# Ben Pearson Recurve



## Swamp Devil (Jan 19, 2013)

A friend gave me a Ben Pearson Recurve he found in the trash. Can any of you guys tell me anything about it? It says:

Ben Pearson Rouge
77419-361
AMO-58
50XX#
USA

It's a little weathered. I was thinking of refinishing it and slingin' a few arrows. Can I shoot the carbons from my compound?


----------



## Al33 (Jan 19, 2013)

BP Rogues were made mid to late "70's. Ben Pearson bows do not have the value of Bear bows but are darn good bows. I have never had or shot a Rogue but I hear they are great bows.
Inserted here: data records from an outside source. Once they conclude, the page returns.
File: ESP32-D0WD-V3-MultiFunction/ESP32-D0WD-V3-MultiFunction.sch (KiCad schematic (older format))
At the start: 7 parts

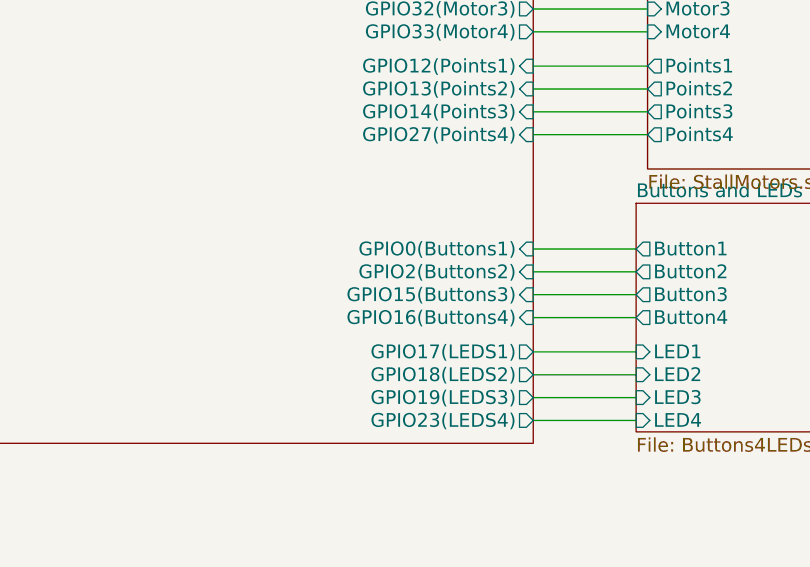
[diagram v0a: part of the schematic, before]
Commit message: Fix incorrect I/O pin assignments.
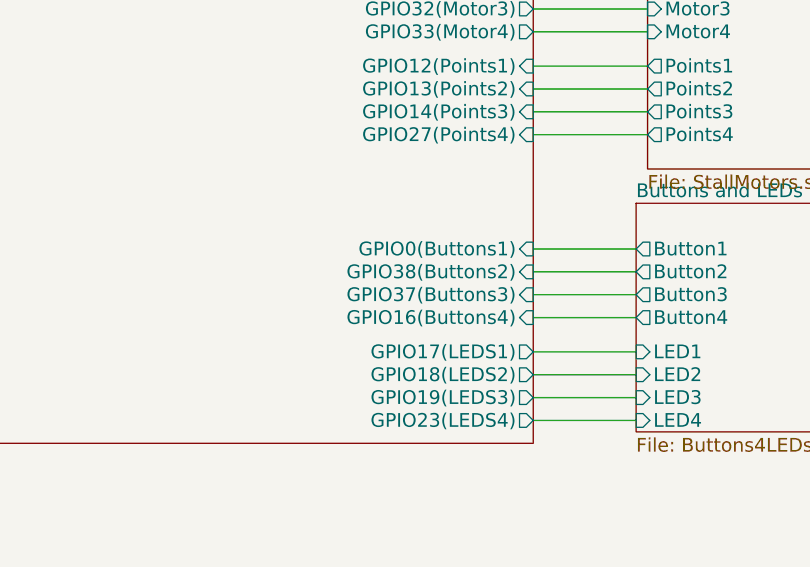
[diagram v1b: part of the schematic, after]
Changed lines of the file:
@@
 F10 "GPIO16(Buttons4)" I R 9000 3950 60
 F11 "GPIO0(Buttons1)" I R 9000 3650 60
-F12 "GPIO2(Buttons2)" I R 9000 3750 60
-F13 "GPIO27(Points4)" I R 9000 3150 60
-F14 "GPIO26(Motor2)" O R 9000 2500 60
-F15 "GPIO25(Motor1)" O R 9000 2400 60
-F16 "GPIO34(OD1)" I L 5150 3850 60
-F17 "GPIO35(OD2)" I L 5150 3950 60
-F18 "GPIO36(OD3)" I L 5150 4050 60
-F19 "GPIO39(OD4)" I L 5150 4150 60
-F20 "GPIO32(Motor3)" O R 9000 2600 60
-F21 "GPIO33(Motor4)" O R 9000 2700 60
-F22 "GPIO12(Points1)" I R 9000 2850 60
-F23 "GPIO13(Points2)" I R 9000 2950 60
-F24 "GPIO14(Points3)" I R 9000 3050 60
-F25 "GPIO15(Buttons3)" I R 9000 3850 60
+F12 "GPIO27(Points4)" I R 9000 3150 60
+F13 "GPIO26(Motor2)" O R 9000 2500 60
+F14 "GPIO25(Motor1)" O R 9000 2400 60
+F15 "GPIO34(OD1)" I L 5150 3850 60
+F16 "GPIO35(OD2)" I L 5150 3950 60
+F17 "GPIO36(OD3)" I L 5150 4050 60
+F18 "GPIO39(OD4)" I L 5150 4150 60
+F19 "GPIO32(Motor3)" O R 9000 2600 60
+F20 "GPIO33(Motor4)" O R 9000 2700 60
+F21 "GPIO12(Points1)" I R 9000 2850 60
+F22 "GPIO13(Points2)" I R 9000 2950 60
+F23 "GPIO14(Points3)" I R 9000 3050 60
+F24 "GPIO38(Buttons2)" I R 9000 3750 60
+F25 "GPIO37(Buttons3)" I R 9000 3850 60
 $EndSheet
 $Sheet

Yours is a 52 pound pull bow @ 28" and will require a 54" dacron string. Before you go to the trouble of refinishing it check to be sure the limbs are not twisted. You can do this by placing the unstrung bow on a flat counter top letting it rest on the belly side of the limbs. Gently rock it to see if it is stable or if it rocks. You can also get eye level with the counter and look to see if the limbs are sitting flush on the counter. If not, one or both may be twisted. Even if they are twisted you may be able to correct it and the bow may be worth salvaging. Refinishing it can be a lot of work but worth the effort.

I would not recommend shooting your compound arrows out of it as they are usually very light. Shoot heavy arrows from it especially at first to avoid any shock to the limbs they may result from lighter arrows. Shooting very light arrows can be like dry firing a bow, especially an older bow. Before bringing it to full draw exercise it by making short draws and listen for any suspicious sounds that may tell you the limbs are coming apart. Make sure it is at room temperature before you do.


----------



## Swamp Devil (Jan 20, 2013)

Thanks Al. Not being a very prudent individual I slung a few with it already...They impacted the target @ 15yrds with a resounding thud and more penetration than I would have imagined! I'm going to check the limbs, but, at this point I'm pretty sure they're straight. I have some aluminum logs from a previous compound.  Would they be a good choice? What about arrow length? It also came with sights, a peep & an arrow rest. None of which I'm interested in...I want to learn to shoot instinctively. Do you happen to know where I can find a new string? Once again thank you for sharing your time and expertise


----------